BEGIN Dataset content

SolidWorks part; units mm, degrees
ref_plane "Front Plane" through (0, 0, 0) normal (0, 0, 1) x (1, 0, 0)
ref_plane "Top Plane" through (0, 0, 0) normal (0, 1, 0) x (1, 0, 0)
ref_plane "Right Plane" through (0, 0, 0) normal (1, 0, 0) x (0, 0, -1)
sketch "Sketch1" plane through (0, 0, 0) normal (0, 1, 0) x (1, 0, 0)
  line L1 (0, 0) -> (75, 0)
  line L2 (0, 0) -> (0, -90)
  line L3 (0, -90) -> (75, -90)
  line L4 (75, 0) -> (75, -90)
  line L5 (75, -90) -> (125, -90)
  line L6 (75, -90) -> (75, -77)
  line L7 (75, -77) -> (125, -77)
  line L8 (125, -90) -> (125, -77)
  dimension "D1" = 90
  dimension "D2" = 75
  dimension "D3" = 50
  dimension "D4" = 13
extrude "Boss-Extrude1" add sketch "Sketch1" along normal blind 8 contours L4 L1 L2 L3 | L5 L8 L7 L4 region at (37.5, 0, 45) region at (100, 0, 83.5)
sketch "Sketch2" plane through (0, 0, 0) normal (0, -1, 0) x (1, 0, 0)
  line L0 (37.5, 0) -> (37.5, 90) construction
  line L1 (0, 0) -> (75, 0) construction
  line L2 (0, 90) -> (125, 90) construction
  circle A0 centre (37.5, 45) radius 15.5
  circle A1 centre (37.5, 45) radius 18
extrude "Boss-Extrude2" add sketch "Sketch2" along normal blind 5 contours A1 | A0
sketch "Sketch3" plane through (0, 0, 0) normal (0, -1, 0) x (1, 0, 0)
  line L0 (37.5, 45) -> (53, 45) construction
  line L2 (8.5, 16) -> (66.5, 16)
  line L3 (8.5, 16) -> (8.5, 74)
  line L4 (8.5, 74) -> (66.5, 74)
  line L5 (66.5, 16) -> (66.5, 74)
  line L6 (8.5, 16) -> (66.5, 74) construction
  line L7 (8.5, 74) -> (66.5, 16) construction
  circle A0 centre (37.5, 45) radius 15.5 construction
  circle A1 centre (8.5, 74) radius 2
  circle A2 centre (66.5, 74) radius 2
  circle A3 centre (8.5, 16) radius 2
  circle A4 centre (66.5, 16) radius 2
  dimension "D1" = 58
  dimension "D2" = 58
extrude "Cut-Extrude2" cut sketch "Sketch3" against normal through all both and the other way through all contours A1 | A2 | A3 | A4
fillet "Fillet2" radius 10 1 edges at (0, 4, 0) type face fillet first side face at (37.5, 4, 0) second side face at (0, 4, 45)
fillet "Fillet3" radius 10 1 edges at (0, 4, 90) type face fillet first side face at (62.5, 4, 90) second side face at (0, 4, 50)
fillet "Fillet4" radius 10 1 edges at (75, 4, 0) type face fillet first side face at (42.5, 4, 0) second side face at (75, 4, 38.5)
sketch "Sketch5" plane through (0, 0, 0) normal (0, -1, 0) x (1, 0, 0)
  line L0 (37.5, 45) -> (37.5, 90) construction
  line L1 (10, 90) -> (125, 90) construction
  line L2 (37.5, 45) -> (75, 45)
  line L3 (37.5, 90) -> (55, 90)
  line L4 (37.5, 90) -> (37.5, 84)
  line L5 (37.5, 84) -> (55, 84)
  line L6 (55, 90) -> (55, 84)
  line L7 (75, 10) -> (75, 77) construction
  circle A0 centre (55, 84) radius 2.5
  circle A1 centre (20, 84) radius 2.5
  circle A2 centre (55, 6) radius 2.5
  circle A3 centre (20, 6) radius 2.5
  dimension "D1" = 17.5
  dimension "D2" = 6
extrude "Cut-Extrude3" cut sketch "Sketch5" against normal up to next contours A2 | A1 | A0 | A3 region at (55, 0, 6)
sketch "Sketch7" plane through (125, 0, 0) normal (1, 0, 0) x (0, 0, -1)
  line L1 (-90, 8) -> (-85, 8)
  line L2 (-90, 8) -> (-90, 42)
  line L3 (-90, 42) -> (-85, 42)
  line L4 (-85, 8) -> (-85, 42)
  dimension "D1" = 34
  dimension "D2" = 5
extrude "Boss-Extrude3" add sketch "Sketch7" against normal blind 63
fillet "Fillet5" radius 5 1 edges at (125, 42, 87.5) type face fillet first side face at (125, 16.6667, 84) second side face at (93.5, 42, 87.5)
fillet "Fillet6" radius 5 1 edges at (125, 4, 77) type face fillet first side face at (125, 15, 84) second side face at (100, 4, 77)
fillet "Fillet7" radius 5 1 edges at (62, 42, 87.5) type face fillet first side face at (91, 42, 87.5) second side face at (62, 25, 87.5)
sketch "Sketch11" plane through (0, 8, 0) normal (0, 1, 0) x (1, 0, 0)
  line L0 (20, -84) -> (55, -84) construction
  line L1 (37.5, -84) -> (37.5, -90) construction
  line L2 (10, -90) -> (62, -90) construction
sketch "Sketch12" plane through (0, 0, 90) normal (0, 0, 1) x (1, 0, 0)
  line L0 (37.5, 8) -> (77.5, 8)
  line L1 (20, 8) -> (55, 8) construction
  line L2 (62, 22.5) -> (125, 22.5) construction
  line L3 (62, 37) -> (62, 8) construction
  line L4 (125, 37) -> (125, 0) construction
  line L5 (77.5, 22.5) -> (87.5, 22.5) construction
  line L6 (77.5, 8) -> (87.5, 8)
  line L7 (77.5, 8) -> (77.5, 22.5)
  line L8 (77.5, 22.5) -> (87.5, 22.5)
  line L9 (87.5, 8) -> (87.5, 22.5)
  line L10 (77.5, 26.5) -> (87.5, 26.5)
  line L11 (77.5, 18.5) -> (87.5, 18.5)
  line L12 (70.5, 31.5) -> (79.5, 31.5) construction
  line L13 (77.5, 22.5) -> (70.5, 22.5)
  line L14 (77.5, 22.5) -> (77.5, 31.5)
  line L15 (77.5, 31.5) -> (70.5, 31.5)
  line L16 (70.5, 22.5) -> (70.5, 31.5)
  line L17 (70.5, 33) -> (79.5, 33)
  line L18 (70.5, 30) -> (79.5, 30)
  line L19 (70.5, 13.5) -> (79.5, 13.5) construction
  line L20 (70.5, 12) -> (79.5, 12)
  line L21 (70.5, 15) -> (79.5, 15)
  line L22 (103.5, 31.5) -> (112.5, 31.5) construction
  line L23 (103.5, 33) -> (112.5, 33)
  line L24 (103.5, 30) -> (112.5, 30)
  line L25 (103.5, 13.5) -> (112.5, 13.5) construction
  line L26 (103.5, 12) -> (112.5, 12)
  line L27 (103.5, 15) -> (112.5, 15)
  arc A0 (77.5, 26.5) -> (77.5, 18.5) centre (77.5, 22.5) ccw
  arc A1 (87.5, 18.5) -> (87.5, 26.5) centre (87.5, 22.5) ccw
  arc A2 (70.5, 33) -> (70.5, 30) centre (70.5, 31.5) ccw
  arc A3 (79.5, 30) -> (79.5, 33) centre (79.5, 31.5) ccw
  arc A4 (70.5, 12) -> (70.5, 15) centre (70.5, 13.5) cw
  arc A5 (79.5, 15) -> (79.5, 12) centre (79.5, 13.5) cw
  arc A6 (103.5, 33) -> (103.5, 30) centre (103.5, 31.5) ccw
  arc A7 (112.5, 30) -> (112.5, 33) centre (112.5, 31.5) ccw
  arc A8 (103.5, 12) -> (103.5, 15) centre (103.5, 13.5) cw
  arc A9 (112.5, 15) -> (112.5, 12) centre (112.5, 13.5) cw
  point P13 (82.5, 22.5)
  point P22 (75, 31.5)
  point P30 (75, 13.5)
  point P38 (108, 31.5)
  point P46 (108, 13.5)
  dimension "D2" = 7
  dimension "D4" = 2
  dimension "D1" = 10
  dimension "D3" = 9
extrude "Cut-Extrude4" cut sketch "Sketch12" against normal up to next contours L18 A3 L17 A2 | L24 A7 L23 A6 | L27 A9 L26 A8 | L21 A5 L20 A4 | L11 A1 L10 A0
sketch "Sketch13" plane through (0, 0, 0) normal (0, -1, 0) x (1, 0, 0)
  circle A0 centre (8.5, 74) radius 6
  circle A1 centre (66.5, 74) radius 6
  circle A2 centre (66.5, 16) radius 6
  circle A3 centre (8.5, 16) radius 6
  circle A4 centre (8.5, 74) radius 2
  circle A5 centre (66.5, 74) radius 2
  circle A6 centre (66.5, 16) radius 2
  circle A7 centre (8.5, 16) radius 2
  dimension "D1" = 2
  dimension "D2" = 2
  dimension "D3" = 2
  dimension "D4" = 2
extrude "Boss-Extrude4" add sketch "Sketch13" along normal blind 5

END Dataset content

**Task requirements:** Repeat, exactly as they stand, the line that contains "circle A6 centre (66.5, 16) radius 2" and all the lines after it in the data above.

**Your solution:**
  circle A6 centre (66.5, 16) radius 2
  circle A7 centre (8.5, 16) radius 2
  dimension "D1" = 2
  dimension "D2" = 2
  dimension "D3" = 2
  dimension "D4" = 2
extrude "Boss-Extrude4" add sketch "Sketch13" along normal blind 5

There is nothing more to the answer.